> _TASK TO COMPLETE_:
If a line in the listing below includes the word "Boss", pick it out.

> _PROVIDED DATA_:
►
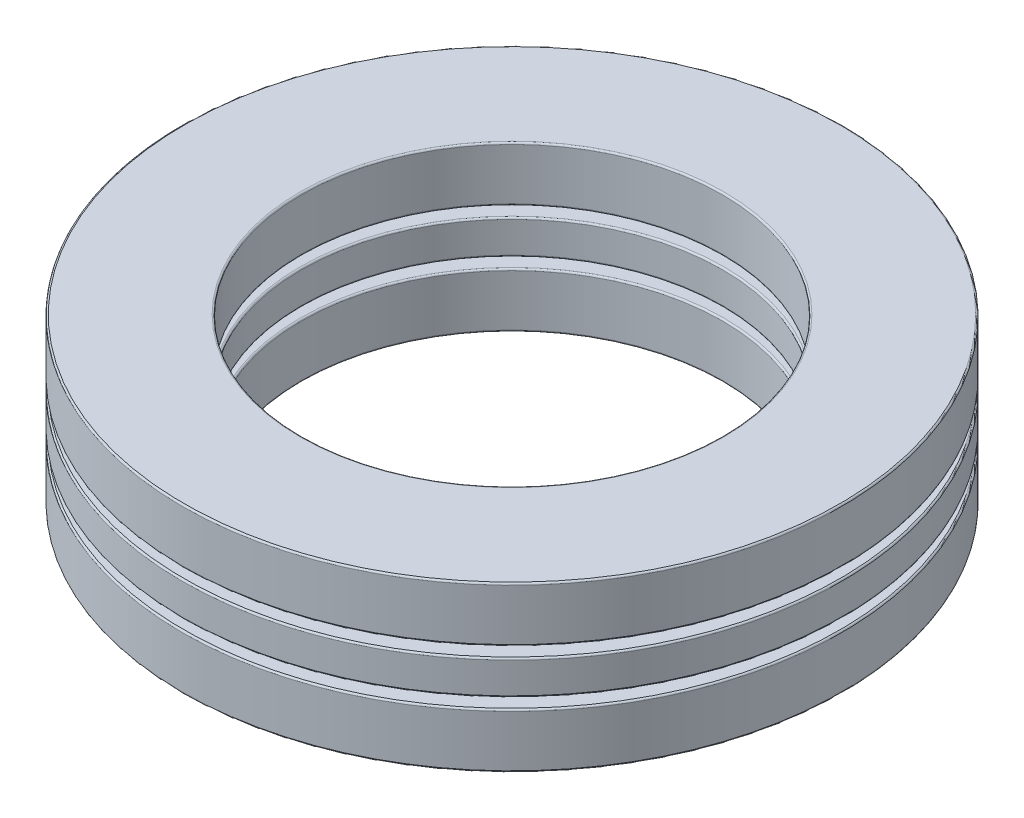
SolidWorks part; units mm, degrees
ref_plane "Front Plane" through (0, 0, 0) normal (0, 0, 1) x (1, 0, 0)
ref_plane "Top Plane" through (0, 0, 0) normal (0, 1, 0) x (1, 0, 0)
ref_plane "Right Plane" through (0, 0, 0) normal (1, 0, 0) x (0, 0, -1)
sketch "Sketch1" plane through (0, 0, 0) normal (1, 0, 0) x (0, 0, -1)
  line L0 (-17.4625, 0) -> (17.4625, 0) construction
  line L1 (0, -4.3434) -> (0, 4.3434) construction
  line L2 (-17.4625, 0.9049) -> (-11.1506, 0.9049)
  line L3 (-17.4625, 0.9049) -> (-17.4625, -0.9049)
  line L4 (-17.4625, -0.9049) -> (-11.1506, -0.9049)
  line L5 (-11.1506, 0.9049) -> (-11.1506, -0.9049)
  line L6 (-14.3066, 1.4478) -> (-14.3066, -1.4478) construction
  circle A0 centre (-14.3066, 0) radius 1.4478 construction
  point P13 (-14.3066, 0.9049)
  dimension "OD" = 34.925
  dimension "Shaft Dia" = 22.3012
  dimension "Th" = 8.6868
  dimension "D1" = 2.8956
  dimension "D2" = 1.8098
revolve "Revolve1" add sketch "Sketch1" angle 360 about L1
sketch "Sketch3" plane through (0, 0, 0) normal (1, 0, 0) x (0, 0, -1)
  line L0 (-14.3066, 1.4478) -> (-14.3066, -1.4478)
  arc A0 (-14.3066, 1.4478) -> (-14.3066, -1.4478) centre (-14.3066, 0) ccw
  circle A1 centre (-14.3066, 0) radius 1.4478 construction
revolve "Cut-Revolve1" cut sketch "Sketch3" angle 360 about L0
sketch "Sketch2" plane through (0, 0, 0) normal (1, 0, 0) x (0, 0, -1)
  line L0 (-14.3066, 1.4478) -> (-14.3066, -1.4478)
  arc A0 (-14.3066, 1.4478) -> (-14.3066, -1.4478) centre (-14.3066, 0) ccw
  circle A2 centre (-14.3066, 0) radius 1.4478 construction
revolve "Revolve2" add sketch "Sketch2" angle 360 about L0
ref_axis "Axis1" through (0, 4.3434, 0) along (0, -1, 0)
pattern_circular "CirPattern1" count 7 every 51.429 about axis through (0, 4.3434, 0) along (0, -1, 0) of bodies 187
pattern_circular "CirPattern2" count 7 every 51.429 about axis through (0, 0, 0) along (0, 1, 0) of "Cut-Revolve1"
sketch "Sketch4" plane through (0, 0, 0) normal (1, 0, 0) x (0, 0, -1)
  line L0 (-17.4625, 0.9049) -> (-17.4625, -0.9049) construction
  line L1 (-17.4625, 1.4478) -> (-11.1506, 1.4478)
  line L2 (-17.4625, 1.4478) -> (-17.4625, 4.3434)
  line L3 (-17.4625, 4.3434) -> (-11.1506, 4.3434)
  line L4 (-11.1506, 1.4478) -> (-11.1506, 4.3434)
  line L5 (-17.4625, -4.3434) -> (-11.1506, -4.3434)
  line L6 (-17.4625, -4.3434) -> (-17.4625, -1.4478)
  line L7 (-17.4625, -1.4478) -> (-11.1506, -1.4478)
  line L8 (-11.1506, -4.3434) -> (-11.1506, -1.4478)
  line L9 (-14.3066, 1.4478) -> (-14.3066, -1.4478) construction
  line L10 (-11.1506, 0.9049) -> (-11.1506, -0.9049) construction
  line L11 (0, 0) -> (-17.4625, 0) construction
  line L12 (-17.4625, 0) -> (17.4625, 0) construction
  dimension "Ht" = 8.6868
revolve "Revolve3" add sketch "Sketch4" angle 360 about L1
fillet "Fillet1" radius 0.0869 4 edges at (0, 1.4478, -11.1506) (0, 4.3434, -11.1506) (0, 1.4478, -17.4625) (0, 4.3434, -17.4625)
fillet "Fillet2" radius 0.0869 4 edges at (0, -0.9049, -11.1506) (0, 0.9049, -11.1506) (0, -0.9049, -17.4625) (0, 0.9049, -17.4625)
fillet "Fillet3" radius 0.0869 4 edges at (0, -4.3434, -11.1506) (0, -1.4478, -11.1506) (0, -4.3434, -17.4625) (0, -1.4478, -17.4625)
equation "\"D1@Sketch1\" = \"Th@Sketch1\"/3"
equation "\"D2@Sketch1\" = \"D1@Sketch1\"*.625"
equation "\"Balls@CirPattern1\" = \"OD@Sketch1\"*5"
equation "\"Angle@CirPattern1\" = 360/\"Balls@CirPattern1\""
equation "\"D1@CirPattern2\" = \"Balls@CirPattern1\""
equation "\"D2@CirPattern2\" = \"Angle@CirPattern1\""
equation "\"D1@Fillet1\" = \"Th@Sketch1\"*.01"
equation "\"D1@Fillet2\" = \"D1@Fillet1\""
equation "\"D1@Fillet3\" = \"D1@Fillet1\""
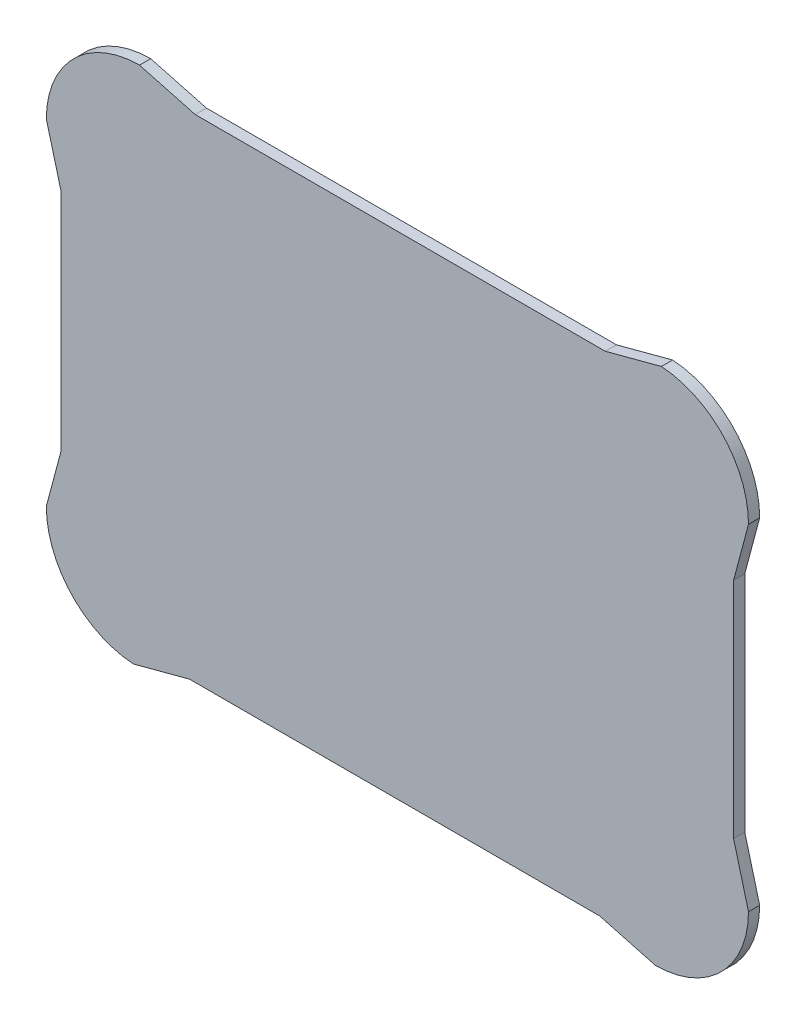
SolidWorks part; units mm, degrees
material "Balsa"
ref_plane "Plan de face" through (0, 0, 0) normal (0, 0, 1) x (1, 0, 0)
ref_plane "Plan de dessus" through (0, 0, 0) normal (0, 1, 0) x (1, 0, 0)
ref_plane "Plan de droite" through (0, 0, 0) normal (1, 0, 0) x (0, 0, -1)
sketch "Esquisse1" plane through (0, 0, 0) normal (0, 0, 1) x (1, 0, 0)
  line L4 (-373.6947, 106.0426) -> (-365.6947, 76.0426)
  line L5 (-365.6947, 76.0426) -> (-365.6947, -43.9574)
  line L6 (-365.6947, -43.9574) -> (-373.6947, -73.9574)
  line L7 (-373.6947, 106.0426) -> (3.0296, 106.0426) construction
  line L8 (-373.6947, -73.9574) -> (3.0296, -73.9574) construction
  line L9 (-365.6947, 76.0426) -> (-365.6947, 106.0426) construction
  line L10 (-365.6947, 106.0426) -> (-365.6947, -73.9574) construction
  line L11 (3.0296, 106.0426) -> (-4.9704, 76.0426)
  line L12 (-4.9704, 76.0426) -> (-4.9704, -43.9574)
  line L13 (-4.9704, -43.9574) -> (3.0296, -73.9574)
  line L14 (-4.9704, 76.0426) -> (-4.9704, 106.0426) construction
  line L15 (-4.9704, 106.0426) -> (-4.9704, -73.9574) construction
  line L16 (-323.697, 156.0345) -> (-326.9694, -123.8593) construction
  line L17 (-43.697, 156.0345) -> (-46.9694, -123.8593) construction
  line L18 (-323.697, 156.0345) -> (-293.7905, 148.0351)
  line L19 (-293.7905, 148.0351) -> (-73.7905, 148.0351)
  line L20 (-73.7905, 148.0351) -> (-43.697, 156.0345)
  line L21 (-293.7905, 148.0351) -> (-323.7905, 148.0351) construction
  line L22 (-323.7905, 148.0351) -> (-43.7905, 148.0351) construction
  line L23 (-326.9694, -123.8593) -> (-296.8759, -115.8599)
  line L24 (-296.8759, -115.8599) -> (-76.8759, -115.8599)
  line L25 (-76.8759, -115.8599) -> (-46.9694, -123.8593)
  line L26 (-296.8759, -115.8599) -> (-326.8759, -115.8599) construction
  line L27 (-326.8759, -115.8599) -> (-46.8759, -115.8599) construction
  arc A0 (3.0296, 106.0426) -> (-43.697, 156.0345) centre (-46.9703, 106.1418) ccw
  arc A1 (-323.697, 156.0345) -> (-373.6947, 106.0426) centre (-323.6947, 106.0345) ccw
  arc A2 (-373.6947, -73.9574) -> (-326.9694, -123.8593) centre (-323.6947, -73.9667) ccw
  arc A3 (3.0296, -73.9574) -> (-46.9694, -123.8593) centre (-46.9703, -73.8593) cw
  dimension "D1" = 50
  dimension "D2" = 50
  dimension "D3" = 50
  dimension "D4" = 50
  dimension "D5" = 280
  dimension "D6" = 180
  dimension "D7" = 180
  dimension "D8" = 8
  dimension "D9" = 120
  dimension "D10" = 8
  dimension "D11" = 30
  dimension "D12" = 120
  dimension "D13" = 8
  dimension "D14" = 8
  dimension "D15" = 8
  dimension "D16" = 220
  dimension "D17" = 8
  dimension "D18" = 30
  dimension "D19" = 30
  dimension "D20" = 30
  dimension "D21" = 30
  dimension "D22" = 8
  dimension "D23" = 8
  dimension "D24" = 220
  dimension "D25" = 30
  dimension "D26" = 30
extrude "Boss.-Extru.1" add sketch "Esquisse1" along normal blind 6
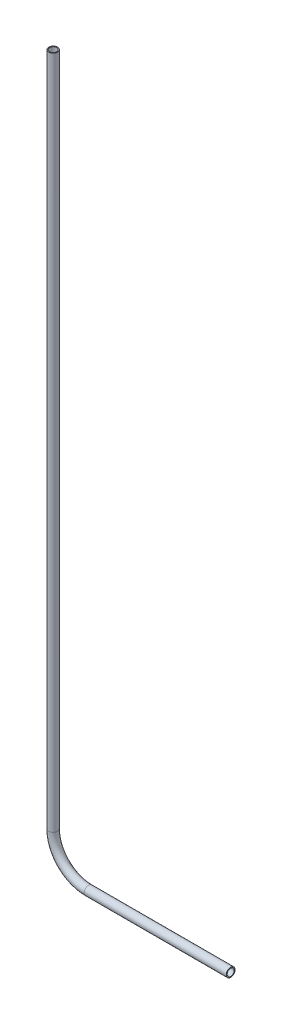
SolidWorks part; units mm, degrees
ref_plane "Front Plane" through (0, 0, 0) normal (0, 0, 1) x (1, 0, 0)
ref_plane "Top Plane" through (0, 0, 0) normal (0, 1, 0) x (1, 0, 0)
ref_plane "Right Plane" through (0, 0, 0) normal (1, 0, 0) x (0, 0, -1)
sketch "Sketch1" plane through (0, 0, 0) normal (0, 0, 1) x (1, 0, 0)
  line L0 (0, -76.2) -> (0, -558.8)
  line L1 (25.4, -584.2) -> (127, -584.2)
  arc A0 (25.4, -584.2) -> (0, -558.8) centre (25.4, -558.8) cw
  dimension "D1" = 25.4
  dimension "D2" = 482.6
  dimension "D3" = 76.2
  dimension "D4" = 101.6
ref_plane "Plane1" through (0, -76.2, 0) normal (0, -1, 0) x (-1, 0, 0)
sketch "Sketch2" plane through (0, -76.2, 0) normal (0, -1, 0) x (-1, 0, 0)
  circle A0 centre (0, 0) radius 3.175
  circle A1 centre (0, 0) radius 2.54
  dimension "D1" = 6.35
  dimension "D2" = 0.635
sweep "Sweep1" add profiles "Sketch2" path "Sketch1"
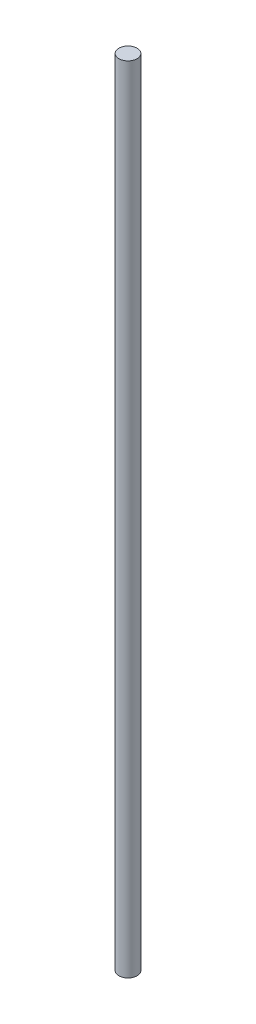
SolidWorks part; units mm, degrees
ref_plane "Alzado" through (0, 0, 0) normal (0, 0, 1) x (1, 0, 0)
ref_plane "Planta" through (0, 0, 0) normal (0, 1, 0) x (1, 0, 0)
ref_plane "Vista lateral" through (0, 0, 0) normal (1, 0, 0) x (0, 0, -1)
sketch "Croquis1" plane through (0, 0, 0) normal (0, 1, 0) x (1, 0, 0)
  circle A0 centre (0, 0) radius 6
  dimension "D1" = 12
extrude "Saliente-Extruir1" add sketch "Croquis1" along normal blind 523
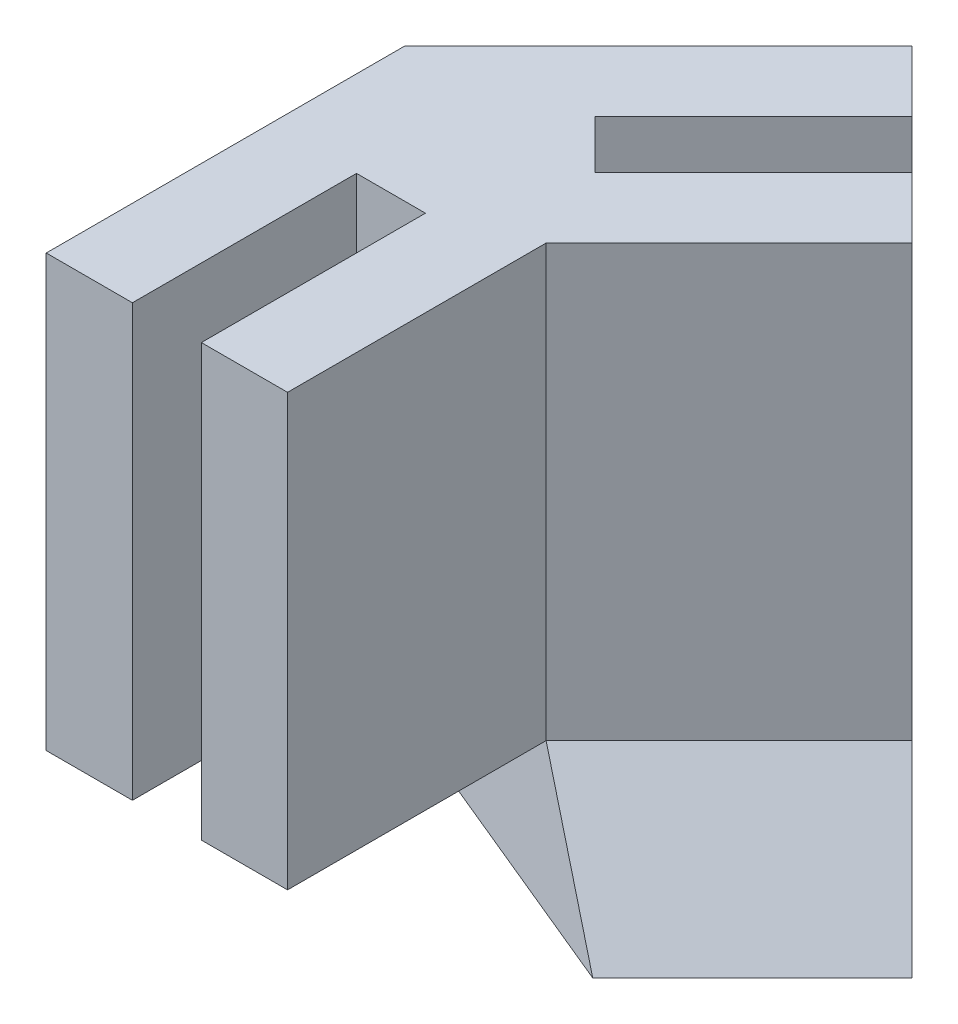
SolidWorks part; units mm, degrees
ref_plane "Front Plane" through (0, 0, 0) normal (0, 0, 1) x (1, 0, 0)
ref_plane "Top Plane" through (0, 0, 0) normal (0, 1, 0) x (1, 0, 0)
ref_plane "Right Plane" through (0, 0, 0) normal (1, 0, 0) x (0, 0, -1)
sketch "Sketch2" plane through (0, 0, 0) normal (0, 1, 0) x (1, 0, 0)
  line L0 (0, 0) -> (0, -15)
  line L1 (0, -15) -> (-5, -15)
  line L2 (-5, -15) -> (-5, -2)
  line L3 (-5, -2) -> (-9, -2)
  line L4 (-9, -2) -> (-9, -15)
  line L5 (-9, -15) -> (-14, -15)
  line L6 (0, 0) -> (-14, 5.799)
  line L7 (-14, -15) -> (-14, 5.799)
extrude "Boss-Extrude1" add sketch "Sketch2" along normal blind 25
ref_plane "Plane1" through (0, 0, 0) normal (0.3827, 0, -0.9239) x (-0.9239, 0, -0.3827)
mirror "Mirror1" about plane through (0, 25, 0) normal (-0.3827, 0, 0.9239) of "Boss-Extrude1"
sketch "Sketch4" plane through (0, 0, 0) normal (0.3827, 0, -0.9239) x (-0.9239, 0, -0.3827)
  line L0 (0, 0) -> (-5, -8.6603)
  line L1 (15.1535, 0) -> (10.1535, -8.6603)
  line L2 (10.1535, -8.6603) -> (-5, -8.6603)
  line L3 (15.1535, 0) -> (0, 0)
ref_plane "Plane2" through (10.6066, 0, -10.6066) normal (0.7071, 0, -0.7071) x (-0.7071, 0, -0.7071)
extrude "Boss-Extrude3" add sketch "Sketch4" along direction (0.7071, 0, -0.7071) on the side of the normal up to surface (18.8856 mm away) up to plane "Plane2"
◄
> _RESPONSE AREA_:
extrude "Boss.-Extru.1" add sketch "Esquisse1" along normal blind 6
extrude "Boss-Extrude1" add sketch "Sketch2" along normal blind 25
mirror "Mirror1" about plane through (0, 25, 0) normal (-0.3827, 0, 0.9239) of "Boss-Extrude1"
extrude "Boss-Extrude3" add sketch "Sketch4" along direction (0.7071, 0, -0.7071) on the side of the normal up to surface (18.8856 mm away) up to plane "Plane2"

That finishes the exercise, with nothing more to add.